# First build!



## Sirppi (Apr 23, 2012)

Greetings from Finland!

I've been making a bass for myself for a while, and here's the story so far:

Specs:

35" scale
2x EMG 40DC
5 strings
Wenge/teak/maple/walnut
Rosewood fretboard

The first design, soon to be modified:






The bottom one is the final design:





The inlay:


































Wenge/teak/maple/teak/wenge sandwiches:









The center block is walnut/maple/walnut/maple/walnut and dyed bird's eye maple in between each layer:













Cutting the headstock angle:


----------



## Sirppi (Apr 23, 2012)

The monsters:





Truss rod channel routing jig:













Body routing template:









Hair (?) shot: 




(Hangs 50cm behind my back)

Body routing:


----------



## supercolio (Apr 23, 2012)

Really really really nice for a first time builder! Keep it up !


----------



## xeonblade (Apr 23, 2012)

DAT ROSEWOOD. Kinda looks too dark


----------



## sytraxiplague (Apr 23, 2012)

This is awesome. Loving the wood choices.


----------



## Purelojik (Apr 23, 2012)

fuck now that is some insanely clean work man!


----------



## BlackMastodon (Apr 23, 2012)

Great choices of wood and a cool looking inlay! Can't wait to see this finish up.


----------



## Empryrean (Apr 23, 2012)

Those red laminates are a beautiful touch!


----------



## supercolio (Apr 24, 2012)

Guess who has a chance to play this beast when it's completed :3


----------



## eddiewarlock (Apr 24, 2012)

beautiful!


----------



## scherzo1928 (Apr 24, 2012)

This is looking beautiful! Hard to beleive it's a first build!


----------



## Pikka Bird (Apr 24, 2012)

scherzo1928 said:


> This is looking beautiful! Hard to beleive it's a first build!



Agreed- 
Can't wait to see it getting shaped so the sandwich layers will peek through and fulfill their destiny.


----------



## Sirppi (Apr 26, 2012)

A BIG thank you for everyone  (I'll promise to make a guitar next )


----------



## tommychains (Apr 26, 2012)

very nice grain with the woods. Good luck!


----------



## ElRay (Apr 26, 2012)

Nice! 

Added the "member built" tag.

Don't for get to post here: http://www.sevenstring.org/forum/lu...1-guitars-built-members-ss-org-pic-heavy.html when she's done.

Ray


----------



## asher (Apr 27, 2012)

Pikka Bird said:


> Agreed-
> Can't wait to see it getting shaped so the sandwich layers will peek through and fulfill their destiny.



This x1000.


----------



## JStraitiff (Apr 27, 2012)

Looks good dude.


----------



## Sirppi (Apr 28, 2012)

Pikka Bird said:


> Agreed-
> Can't wait to see it getting shaped so the sandwich layers will peek through and fulfill their destiny.



Me neither 

Next friday I'll go get the other pup, no money for both at the moment  Also, the Dimarzios for my Agile are on their way!


----------



## aaron_rose (Apr 28, 2012)

this is excellent.


----------



## vansinn (May 2, 2012)

Very nice work! And a cool way of routing the whole shebang using a one piece template.
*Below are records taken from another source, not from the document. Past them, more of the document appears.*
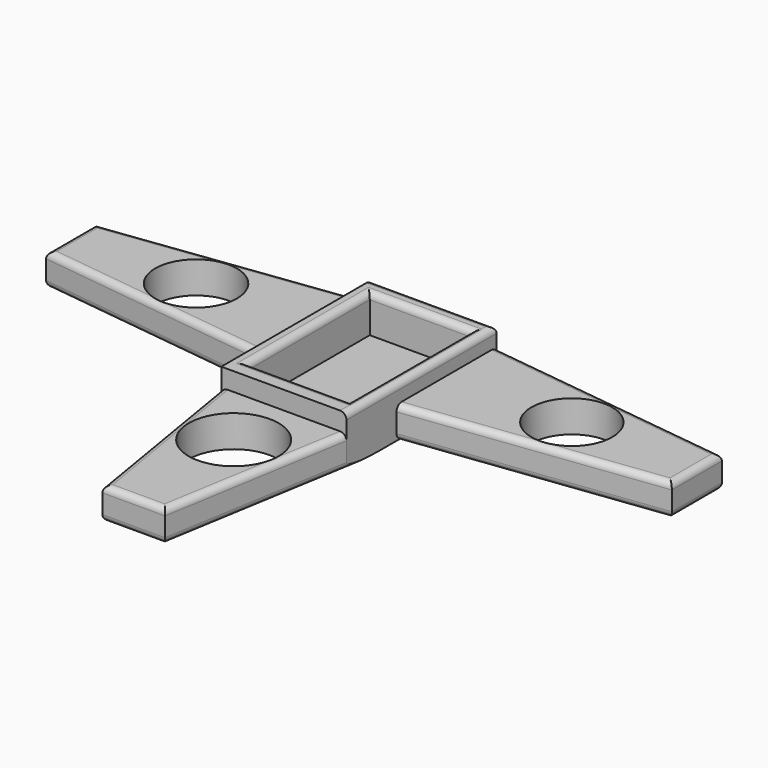
from build123d import *

# Parameters (mm, degrees)
F0_W           = 100
F0_H           = 100
F1_DEPTH       = 40
F2_DEPTH       = 10
F3_DEPTH       = 10
F0_H_2         = 50
F4_DEPTH       = 25.4
F5_DEPTH       = 40
F6_R           = 32.6138389822
F6_R_2         = 35.8864920554
F6_R_3         = 32.2738018283
F7_DEPTH       = 51.308
F8_W           = 80
F8_H           = 130
F9_DEPTH       = 40
F10_W          = 81.0131505132
F10_H          = 121.7317990959
F11_DEPTH      = 30
F12_T1_DEPTH   = 75.4
F12_T3_DEPTH   = 175.4
F12_T5_DEPTH   = 121.7317990959
F12_T7_DEPTH   = 81.0131505132
F12_T9_DEPTH   = 125.4
F12_T11_DEPTH  = 74.6412090302
F12_T13_DEPTH  = 75.4
F12_T15_DEPTH  = 202.8690632575
F12_T17_DEPTH  = 202.8690632575
F12_T19_DEPTH  = 277.851965803
F12_T21_DEPTH  = 227
F12_T23_DEPTH  = 277.7564437075
F12_T28_DEPTH  = 277.7564437075
F12_T33_DEPTH  = 226.9564437075
F12_T38_DEPTH  = 277.851965803
F12_T43_DEPTH  = 226.9564437075
F12_T48_DEPTH  = 202.8690632575
F12_T53_DEPTH  = 202.8690632575
F12_T58_DEPTH  = 226.9564437075
F12_T63_DEPTH  = 226.9564437075
F12_T69_DEPTH  = 93.7131505132
F12_T74_DEPTH  = 134.4317990959
F12_T81_DEPTH  = 93.7131505132
F12_T86_DEPTH  = 134.4317990959
F12_T93_DEPTH  = 93.7131505132
F12_T98_DEPTH  = 134.4317990959
F12_T105_DEPTH = 134.4317990959
F12_T109_DEPTH = 93.7131505132


# Not quite as in the source:
# - a fillet or chamfer that OpenCascade refuses, or shapes differently, is made with other operations: its cross-section is extruded or revolved along the edge and cut away or added


with BuildPart() as f1:
    # F0 (on Top) → F1 (new body)
    with BuildSketch(Plane.XY):
        Rectangle(F0_W, F0_H)
    extrude(amount=F1_DEPTH)

    # F0 (on Top) → F2 (join)
    with BuildSketch(Plane.XY):
        Polygon((250, 25), (50, 50), (50, -50), (250, -25), align=None)
    extrude(amount=F2_DEPTH)

    # F0 (on Top) → F3 (join)
    with BuildSketch(Plane.XY):
        Polygon((-50, -50), (-50, 50), (-250, 24.2412090302), (-250, -25), align=None)
    extrude(amount=F3_DEPTH)

    # F0 (on Top) → F4 (join)
    with BuildSketch(Plane.XY):
        Rectangle(F0_W, F0_H)
        Polygon((250, 25), (50, 50), (50, -50), (250, -25), align=None)
        Polygon((-50, -50), (-50, 50), (-250, 24.2412090302), (-250, -25), align=None)
        with Locations((0, -75)):
            Rectangle(F0_W, F0_H_2)
        Polygon((25, -250), (50, -100), (-50, -100), (-25, -250), align=None)
    extrude(amount=F4_DEPTH)

    # F0 (on Top) → F5 (join)
    with BuildSketch(Plane.XY):
        with Locations((0, -75)):
            Rectangle(F0_W, F0_H_2)
    extrude(amount=F5_DEPTH)

    # F6 (on face) → F7 (cut)
    with BuildSketch(Plane.XY.offset(25.4)):
        with Locations((-150, -0.1896977425)):
            Circle(F6_R)
        with Locations((0.1525683302, -150.3578271792)):
            Circle(F6_R_2)
        with Locations((150.1342882352, -0.0758587057)):
            Circle(F6_R_3)
    extrude(amount=-F7_DEPTH, mode=Mode.SUBTRACT)

    # F8 (on face) → F9 (join)
    with BuildSketch(Plane.XY.offset(40)):
        with Locations((0, -25)):
            Rectangle(F8_W, F8_H)
    extrude(amount=-F9_DEPTH)

    # F10 (on face) → F11 (cut)
    with BuildSketch(Plane.XY.offset(40)):
        with Locations((0.2870373428, -24.8173717409)):
            Rectangle(F10_W, F10_H)
    extrude(amount=-F11_DEPTH, mode=Mode.SUBTRACT)

    # F12: fillet of radius 5.08 on 25 edges, made by hand

    # F12_s2 → F12_t1 (cut)
    with BuildSketch(Plane.XZ.offset(-37.7)):
        with BuildLine():
            ThreePointArc((250, 20.32), (248.5121024484, 23.9121024484), (244.92, 25.4))
            Line((244.92, 25.4), (250, 25.4))
            Line((250, 25.4), (250, 20.32))
        make_face()
        with BuildLine():
            ThreePointArc((244.92, 0), (248.5121024484, 1.4878975516), (250, 5.08))
            Line((250, 5.08), (250, 0))
            Line((250, 0), (244.92, 0))
        make_face()
    extrude(amount=F12_T1_DEPTH, mode=Mode.SUBTRACT)

    # F12_s4 → F12_t3 (cut)
    with BuildSketch(Plane.XZ.offset(-62.7)):
        with BuildLine():
            ThreePointArc((50, 34.92), (48.5121024484, 38.5121024484), (44.92, 40))
            Line((44.92, 40), (50, 40))
            Line((50, 40), (50, 34.92))
        make_face()
    extrude(amount=F12_T3_DEPTH, mode=Mode.SUBTRACT)

    # F12_s6 → F12_t5 (cut)
    with BuildSketch(Plane.XZ.offset(-36.048527807)):
        with BuildLine():
            ThreePointArc((45.8736125994, 40), (42.2815101509, 38.5121024484), (40.7936125994, 34.92))
            Line((40.7936125994, 34.92), (40.7936125994, 40))
            Line((40.7936125994, 40), (45.8736125994, 40))
        make_face()
        with BuildLine():
            ThreePointArc((-45.2995379138, 40), (-41.7074354654, 38.5121024484), (-40.2195379138, 34.92))
            Line((-40.2195379138, 34.92), (-40.2195379138, 40))
            Line((-40.2195379138, 40), (-45.2995379138, 40))
        make_face()
    extrude(amount=F12_T5_DEPTH, mode=Mode.SUBTRACT)

    # F12_s8 → F12_t7 (cut)
    with BuildSketch(Plane.YZ.offset(-40.2195379138)):
        with BuildLine():
            ThreePointArc((41.128527807, 40), (37.5364253586, 38.5121024484), (36.048527807, 34.92))
            Line((36.048527807, 34.92), (36.048527807, 40))
            Line((36.048527807, 40), (41.128527807, 40))
        make_face()
        with BuildLine():
            ThreePointArc((-90.7632712889, 40), (-87.1711688404, 38.5121024484), (-85.6832712889, 34.92))
            Line((-85.6832712889, 34.92), (-85.6832712889, 40))
            Line((-85.6832712889, 40), (-90.7632712889, 40))
        make_face()
    extrude(amount=F12_T7_DEPTH, mode=Mode.SUBTRACT)

    # F12_s10 → F12_t9 (cut)
    with BuildSketch(Plane.YZ.offset(-62.7)):
        with BuildLine():
            ThreePointArc((50, 34.92), (48.5121024484, 38.5121024484), (44.92, 40))
            Line((44.92, 40), (50, 40))
            Line((50, 40), (50, 34.92))
        make_face()
    extrude(amount=F12_T9_DEPTH, mode=Mode.SUBTRACT)

    # F12_s12 → F12_t11 (cut)
    with BuildSketch(Plane.XZ.offset(-36.9412090302)):
        with BuildLine():
            ThreePointArc((-250, 20.32), (-248.5121024484, 23.9121024484), (-244.92, 25.4))
            Line((-244.92, 25.4), (-250, 25.4))
            Line((-250, 25.4), (-250, 20.32))
        make_face()
        with BuildLine():
            ThreePointArc((-244.92, 0), (-248.5121024484, 1.4878975516), (-250, 5.08))
            Line((-250, 5.08), (-250, 0))
            Line((-250, 0), (-244.92, 0))
        make_face()
    extrude(amount=F12_T11_DEPTH, mode=Mode.SUBTRACT)

    # F12_s14 → F12_t13 (cut)
    with BuildSketch(Plane.YZ.offset(-37.7)):
        with BuildLine():
            ThreePointArc((-250, 20.32), (-248.5121024484, 23.9121024484), (-244.92, 25.4))
            Line((-244.92, 25.4), (-250, 25.4))
            Line((-250, 25.4), (-250, 20.32))
        make_face()
        with BuildLine():
            ThreePointArc((-244.92, 0), (-248.5121024484, 1.4878975516), (-250, 5.08))
            Line((-250, 5.08), (-250, 0))
            Line((-250, 0), (-244.92, 0))
        make_face()
    extrude(amount=F12_T13_DEPTH, mode=Mode.SUBTRACT)

    # F12_s16 → F12_t15 (cut)
    with BuildSketch(Plane(origin=(-41.9527320036, -251.7163920219, 0), x_dir=(0, 0, 1), z_dir=(0.1643989873, 0.9863939238, 0))):
        with BuildLine():
            ThreePointArc((0, 60.6795949221), (1.4878975516, 64.2716973706), (5.08, 65.7595949221))
            Line((5.08, 65.7595949221), (0, 65.7595949221))
            Line((0, 65.7595949221), (0, 60.6795949221))
        make_face()
    extrude(amount=F12_T15_DEPTH, mode=Mode.SUBTRACT)

    # F12_s18 → F12_t17 (cut)
    with BuildSketch(Plane(origin=(8.6012634485, -51.6075806912, 0), x_dir=(0, 0, 1), z_dir=(0.1643989873, -0.9863939238, 0))):
        with BuildLine():
            ThreePointArc((0, 60.6795949221), (1.4878975516, 64.2716973706), (5.08, 65.7595949221))
            Line((5.08, 65.7595949221), (0, 65.7595949221))
            Line((0, 65.7595949221), (0, 60.6795949221))
        make_face()
    extrude(amount=F12_T17_DEPTH, mode=Mode.SUBTRACT)

    # F12_s20 → F12_t19 (cut)
    with BuildSketch(Plane(origin=(20.1302781895, 2.5926581402, 0), x_dir=(0, 0, 1), z_dir=(-0.9918078369, -0.1277388538, 0))):
        with BuildLine():
            ThreePointArc((0, 50.8973345305), (1.4878975516, 54.4894369789), (5.08, 55.9773345305))
            Line((5.08, 55.9773345305), (0, 55.9773345305))
            Line((0, 55.9773345305), (0, 50.8973345305))
        make_face()
    extrude(amount=F12_T19_DEPTH, mode=Mode.SUBTRACT)

    # F12_s22 → F12_t21 (cut)
    with BuildSketch(Plane.YZ.offset(-113.5)):
        with BuildLine():
            ThreePointArc((50, 5.08), (48.5121024484, 1.4878975516), (44.92, 0))
            Line((44.92, 0), (50, 0))
            Line((50, 0), (50, 5.08))
        make_face()
    extrude(amount=F12_T21_DEPTH, mode=Mode.SUBTRACT)

    # F12_s24 → F12_t23 (cut)
    with BuildSketch(Plane(origin=(255.6788521112, -31.9598565139, 0), x_dir=(0, 0, 1), z_dir=(-0.9922778767, 0.1240347346, 0))):
        with BuildLine():
            ThreePointArc((0, 50.7356305651), (1.4878975516, 54.3277330136), (5.08, 55.8156305651))
            Line((5.08, 55.8156305651), (0, 55.8156305651))
            Line((0, 55.8156305651), (0, 50.7356305651))
        make_face()
    extrude(amount=F12_T23_DEPTH, mode=Mode.SUBTRACT)


with BuildPart() as f12_tool26:
    # F12_s27 → F12_t28 (new body)
    with BuildSketch(Plane(origin=(255.6788521112, -31.9598565139, 0), x_dir=(0, 0, 1), z_dir=(-0.9922778767, 0.1240347346, 0))):
        with BuildLine():
            ThreePointArc((20.32, 55.8156305651), (23.9121024484, 54.3277330136), (25.4, 50.7356305651))
            Line((25.4, 50.7356305651), (25.4, 55.8156305651))
            Line((25.4, 55.8156305651), (20.32, 55.8156305651))
        make_face()
    extrude(amount=F12_T28_DEPTH)

    split(bisect_by=Plane.YZ.offset(50), keep=Keep.TOP)


with BuildPart() as f1_1:
    add(f1.part)

    # F12_t25: cut F12_tool26
    add(f12_tool26.part, mode=Mode.SUBTRACT)


with BuildPart() as f12_tool31:
    # F12_s32 → F12_t33 (new body)
    with BuildSketch(Plane(origin=(30.4749940427, 3.8093742553, 0), x_dir=(0, 0, 1), z_dir=(0.9922778767, 0.1240347346, 0))):
        with BuildLine():
            ThreePointArc((20.32, 55.8156305651), (23.9121024484, 54.3277330136), (25.4, 50.7356305651))
            Line((25.4, 50.7356305651), (25.4, 55.8156305651))
            Line((25.4, 55.8156305651), (20.32, 55.8156305651))
        make_face()
    extrude(amount=F12_T33_DEPTH)

    split(bisect_by=Plane.YZ.offset(50), keep=Keep.TOP)


with BuildPart() as f1_2:
    add(f1_1.part)

    # F12_t30: cut F12_tool31
    add(f12_tool31.part, mode=Mode.SUBTRACT)


with BuildPart() as f12_tool36:
    # F12_s37 → F12_t38 (new body)
    with BuildSketch(Plane(origin=(20.1302781895, 2.5926581402, 0), x_dir=(0, 0, 1), z_dir=(-0.9918078369, -0.1277388538, 0))):
        with BuildLine():
            ThreePointArc((20.32, 55.9773345305), (23.9121024484, 54.4894369789), (25.4, 50.8973345305))
            Line((25.4, 50.8973345305), (25.4, 55.9773345305))
            Line((25.4, 55.9773345305), (20.32, 55.9773345305))
        make_face()
    extrude(amount=F12_T38_DEPTH)

    split(bisect_by=Plane.YZ.offset(-50), keep=Keep.BOTTOM)


with BuildPart() as f1_3:
    add(f1_2.part)

    # F12_t35: cut F12_tool36
    add(f12_tool36.part, mode=Mode.SUBTRACT)


with BuildPart() as f12_tool41:
    # F12_s42 → F12_t43 (new body)
    with BuildSketch(Plane(origin=(-255.6788521112, 31.9598565139, 0), x_dir=(0, 0, 1), z_dir=(0.9922778767, -0.1240347346, 0))):
        with BuildLine():
            ThreePointArc((20.32, 55.8156305651), (23.9121024484, 54.3277330136), (25.4, 50.7356305651))
            Line((25.4, 50.7356305651), (25.4, 55.8156305651))
            Line((25.4, 55.8156305651), (20.32, 55.8156305651))
        make_face()
    extrude(amount=F12_T43_DEPTH)

    split(bisect_by=Plane.YZ.offset(-50), keep=Keep.BOTTOM)


with BuildPart() as f1_4:
    add(f1_3.part)

    # F12_t40: cut F12_tool41
    add(f12_tool41.part, mode=Mode.SUBTRACT)


with BuildPart() as f12_tool46:
    # F12_s47 → F12_t48 (new body)
    with BuildSketch(Plane(origin=(8.6012634485, -51.6075806912, 0), x_dir=(0, 0, 1), z_dir=(0.1643989873, -0.9863939238, 0))):
        with BuildLine():
            ThreePointArc((20.32, 65.7595949221), (23.9121024484, 64.2716973706), (25.4, 60.6795949221))
            Line((25.4, 60.6795949221), (25.4, 65.7595949221))
            Line((25.4, 65.7595949221), (20.32, 65.7595949221))
        make_face()
    extrude(amount=F12_T48_DEPTH)

    split(bisect_by=Plane.XZ.offset(100), keep=Keep.TOP)


with BuildPart() as f1_5:
    add(f1_4.part)

    # F12_t45: cut F12_tool46
    add(f12_tool46.part, mode=Mode.SUBTRACT)


with BuildPart() as f12_tool51:
    # F12_s52 → F12_t53 (new body)
    with BuildSketch(Plane(origin=(-41.9527320036, -251.7163920219, 0), x_dir=(0, 0, 1), z_dir=(0.1643989873, 0.9863939238, 0))):
        with BuildLine():
            ThreePointArc((20.32, 65.7595949221), (23.9121024484, 64.2716973706), (25.4, 60.6795949221))
            Line((25.4, 60.6795949221), (25.4, 65.7595949221))
            Line((25.4, 65.7595949221), (20.32, 65.7595949221))
        make_face()
    extrude(amount=F12_T53_DEPTH)

    split(bisect_by=Plane.XZ.offset(100), keep=Keep.TOP)


with BuildPart() as f1_6:
    add(f1_5.part)

    # F12_t50: cut F12_tool51
    add(f12_tool51.part, mode=Mode.SUBTRACT)


with BuildPart() as f12_tool56:
    # F12_s57 → F12_t58 (new body)
    with BuildSketch(Plane(origin=(-255.6788521112, 31.9598565139, 0), x_dir=(0, 0, 1), z_dir=(0.9922778767, -0.1240347346, 0))):
        with BuildLine():
            ThreePointArc((0, 50.7356305651), (1.4878975516, 54.3277330136), (5.08, 55.8156305651))
            Line((5.08, 55.8156305651), (0, 55.8156305651))
            Line((0, 55.8156305651), (0, 50.7356305651))
        make_face()
    extrude(amount=F12_T58_DEPTH)

    split(bisect_by=Plane.YZ.offset(-50), keep=Keep.BOTTOM)


with BuildPart() as f1_7:
    add(f1_6.part)

    # F12_t55: cut F12_tool56
    add(f12_tool56.part, mode=Mode.SUBTRACT)


with BuildPart() as f12_tool61:
    # F12_s62 → F12_t63 (new body)
    with BuildSketch(Plane(origin=(30.4749940427, 3.8093742553, 0), x_dir=(0, 0, 1), z_dir=(0.9922778767, 0.1240347346, 0))):
        with BuildLine():
            ThreePointArc((0, 50.7356305651), (1.4878975516, 54.3277330136), (5.08, 55.8156305651))
            Line((5.08, 55.8156305651), (0, 55.8156305651))
            Line((0, 55.8156305651), (0, 50.7356305651))
        make_face()
    extrude(amount=F12_T63_DEPTH)

    split(bisect_by=Plane.YZ.offset(50), keep=Keep.TOP)


with BuildPart() as f1_8:
    add(f1_7.part)

    # F12_t60: cut F12_tool61
    add(f12_tool61.part, mode=Mode.SUBTRACT)


with BuildPart() as f12_tool67:
    # F12_s68 → F12_t69 (new body)
    with BuildSketch(Plane.YZ.offset(-40.2195379138)):
        with BuildLine():
            ThreePointArc((-90.7632712889, 40), (-87.1711688404, 38.5121024484), (-85.6832712889, 34.92))
            Line((-85.6832712889, 34.92), (-85.6832712889, 40))
            Line((-85.6832712889, 40), (-90.7632712889, 40))
        make_face()
    extrude(amount=F12_T69_DEPTH)

    split(bisect_by=Plane.YZ.offset(50), keep=Keep.BOTTOM)

    split(bisect_by=Plane.YZ.offset(40.7936125994), keep=Keep.TOP)


with BuildPart() as f12_tool72:
    # F12_s73 → F12_t74 (new body)
    with BuildSketch(Plane.XZ.offset(98.3832712889)):
        with BuildLine():
            ThreePointArc((45.8736125994, 40), (42.2815101509, 38.5121024484), (40.7936125994, 34.92))
            Line((40.7936125994, 34.92), (40.7936125994, 40))
            Line((40.7936125994, 40), (45.8736125994, 40))
        make_face()
    extrude(amount=-F12_T74_DEPTH)

    split(bisect_by=Plane.XZ.offset(85.6832712889), keep=Keep.TOP)


with BuildPart() as f12_tool67_1:
    add(f12_tool67.part)

    # F12_t76: intersect F12_tool72
    add(f12_tool72.part, mode=Mode.INTERSECT)


with BuildPart() as f1_9:
    add(f1_8.part)

    # F12_t65: cut F12_tool67
    add(f12_tool67_1.part, mode=Mode.SUBTRACT)


with BuildPart() as f12_tool79:
    # F12_s80 → F12_t81 (new body)
    with BuildSketch(Plane.YZ.offset(53.4936125994)):
        with BuildLine():
            ThreePointArc((41.128527807, 40), (37.5364253586, 38.5121024484), (36.048527807, 34.92))
            Line((36.048527807, 34.92), (36.048527807, 40))
            Line((36.048527807, 40), (41.128527807, 40))
        make_face()
    extrude(amount=-F12_T81_DEPTH)

    split(bisect_by=Plane.YZ.offset(50), keep=Keep.BOTTOM)

    split(bisect_by=Plane.YZ.offset(40.7936125994), keep=Keep.TOP)


with BuildPart() as f12_tool84:
    # F12_s85 → F12_t86 (new body)
    with BuildSketch(Plane.XZ.offset(85.6832712889)):
        with BuildLine():
            ThreePointArc((45.8736125994, 40), (42.2815101509, 38.5121024484), (40.7936125994, 34.92))
            Line((40.7936125994, 34.92), (40.7936125994, 40))
            Line((40.7936125994, 40), (45.8736125994, 40))
        make_face()
    extrude(amount=-F12_T86_DEPTH)

    split(bisect_by=Plane.XZ.offset(-36.048527807), keep=Keep.BOTTOM)


with BuildPart() as f12_tool79_1:
    add(f12_tool79.part)

    # F12_t88: intersect F12_tool84
    add(f12_tool84.part, mode=Mode.INTERSECT)


with BuildPart() as f1_10:
    add(f1_9.part)

    # F12_t77: cut F12_tool79
    add(f12_tool79_1.part, mode=Mode.SUBTRACT)


with BuildPart() as f12_tool91:
    # F12_s92 → F12_t93 (new body)
    with BuildSketch(Plane.YZ.offset(40.7936125994)):
        with BuildLine():
            ThreePointArc((41.128527807, 40), (37.5364253586, 38.5121024484), (36.048527807, 34.92))
            Line((36.048527807, 34.92), (36.048527807, 40))
            Line((36.048527807, 40), (41.128527807, 40))
        make_face()
    extrude(amount=-F12_T93_DEPTH)

    split(bisect_by=Plane.YZ.offset(-50), keep=Keep.TOP)

    split(bisect_by=Plane.YZ.offset(-40.2195379138), keep=Keep.BOTTOM)


with BuildPart() as f12_tool96:
    # F12_s97 → F12_t98 (new body)
    with BuildSketch(Plane.XZ.offset(-48.748527807)):
        with BuildLine():
            ThreePointArc((-45.2995379138, 40), (-41.7074354654, 38.5121024484), (-40.2195379138, 34.92))
            Line((-40.2195379138, 34.92), (-40.2195379138, 40))
            Line((-40.2195379138, 40), (-45.2995379138, 40))
        make_face()
    extrude(amount=F12_T98_DEPTH)

    split(bisect_by=Plane.XZ.offset(-36.048527807), keep=Keep.BOTTOM)


with BuildPart() as f12_tool91_1:
    add(f12_tool91.part)

    # F12_t100: intersect F12_tool96
    add(f12_tool96.part, mode=Mode.INTERSECT)


with BuildPart() as f1_11:
    add(f1_10.part)

    # F12_t89: cut F12_tool91
    add(f12_tool91_1.part, mode=Mode.SUBTRACT)


with BuildPart() as f12_tool103:
    # F12_s104 → F12_t105 (new body)
    with BuildSketch(Plane.XZ.offset(-36.048527807)):
        with BuildLine():
            ThreePointArc((-45.2995379138, 40), (-41.7074354654, 38.5121024484), (-40.2195379138, 34.92))
            Line((-40.2195379138, 34.92), (-40.2195379138, 40))
            Line((-40.2195379138, 40), (-45.2995379138, 40))
        make_face()
    extrude(amount=F12_T105_DEPTH)

    split(bisect_by=Plane.XZ.offset(85.6832712889), keep=Keep.TOP)


with BuildPart() as f12_tool107:
    # F12_s108 → F12_t109 (new body)
    with BuildSketch(Plane.YZ.offset(-52.9195379138)):
        with BuildLine():
            ThreePointArc((-90.7632712889, 40), (-87.1711688404, 38.5121024484), (-85.6832712889, 34.92))
            Line((-85.6832712889, 34.92), (-85.6832712889, 40))
            Line((-85.6832712889, 40), (-90.7632712889, 40))
        make_face()
    extrude(amount=F12_T109_DEPTH)

    split(bisect_by=Plane.YZ.offset(-50), keep=Keep.TOP)

    split(bisect_by=Plane.YZ.offset(-40.2195379138), keep=Keep.BOTTOM)


with BuildPart() as f12_tool103_1:
    add(f12_tool103.part)

    # F12_t112: intersect F12_tool107
    add(f12_tool107.part, mode=Mode.INTERSECT)


with BuildPart() as f1_12:
    add(f1_11.part)

    # F12_t101: cut F12_tool103
    add(f12_tool103_1.part, mode=Mode.SUBTRACT)


solid = f1_12.part

I'm especially interested in how that low F# will work out on 35" scale.
I've been thinking of F# on my 7-stringer, but held back thinking 35" isn't enough.
Hopefully you'll make some sound clips


----------



## Sirppi (May 2, 2012)

vansinn said:


> Very nice work! And a cool way of routing the whole shebang using a one piece template.
> 
> I'm especially interested in how that low F# will work out on 35" scale.
> I've been thinking of F# on my 7-stringer, but held back thinking 35" isn't enough.
> Hopefully you'll make some sound clips



Thank you! 
This bass has a 35" scale and is "especially built for F# tuning" so I think the scale lenght is enough.


----------



## Sirppi (May 4, 2012)

Pointless update: Today I'll go get the EMG and the fifth string


----------



## Sirppi (May 17, 2012)

I haven't been able to go to the workshop for a couple of weeks, so I've planned the next build a tiny bit. It's going to be a seven-string but almost everything about it is open. I'd like to hear some ideas


----------



## Sirppi (May 27, 2012)

Finally some progress  
Some rounding:










The final outline of the fretboard:





At this point the bass got to see her future home for the first time. I think she likes it in here 

Excessive use of tape:













No shaping of the neck yet:





The scarf-jointed piece isn't perfectly aligned, but will be covered with a veneer of some sort. 





Some holes drilled:






And that's it for today! Hoping to get into routing the cavities soon.


----------



## vansinn (May 27, 2012)

Cool progress!



Sirppi said:


> I haven't been able to go to the workshop for a couple of weeks, so I've planned the next build a tiny bit. It's going to be a seven-string but almost everything about it is open. I'd like to hear some ideas



Bass or guitar?
If it's a bass, I'd recommend you examine your playing style/habits to determine how wide a neck will be playable.
My 7-string bass is fine up until 6-7th fret; after this it feels too wide for my size hands.
A slimmer neck with les string spacing at the bridge would partly remedy this.


----------



## Sirppi (May 28, 2012)

vansinn said:


> Cool progress!
> 
> 
> 
> ...



It's going to be a guitar, but if I ever make a seven-string bass, I'll remember that, thanks


----------



## Sirppi (May 5, 2013)

Long time no progress, until now!

Some shit happened about a half a year ago, which leaded to the loss of access to the workshop I started this bass in. At the moment, I've managed to get my own router, and I did some cutting in my friends (supercolio  ) tiny workshop. Today I started building a router "table"  :






I still have to gather the courage to visit the workshop to get my radius block and fret material...


----------



## muffinbutton (May 5, 2013)

This looks great man. Can't wait to see it finished. Go get your fret stuff and radius block as soon as you can. you've had to wait long enough without any progress it seems.


----------



## Sirppi (May 5, 2013)

muffinbutton said:


> This looks great man. Can't wait to see it finished. Go get your fret stuff and radius block as soon as you can. you've had to wait long enough without any progress it seems.



Thanks man 

The router table thingy is ready, moves smoothly


----------



## muffinbutton (May 5, 2013)

Nice. I'm getting some tools for my build tomorrow. Still need to find a planer though.


----------



## Sirppi (May 5, 2013)

muffinbutton said:


> Nice. I'm getting some tools for my build tomorrow. Still need to find a planer though.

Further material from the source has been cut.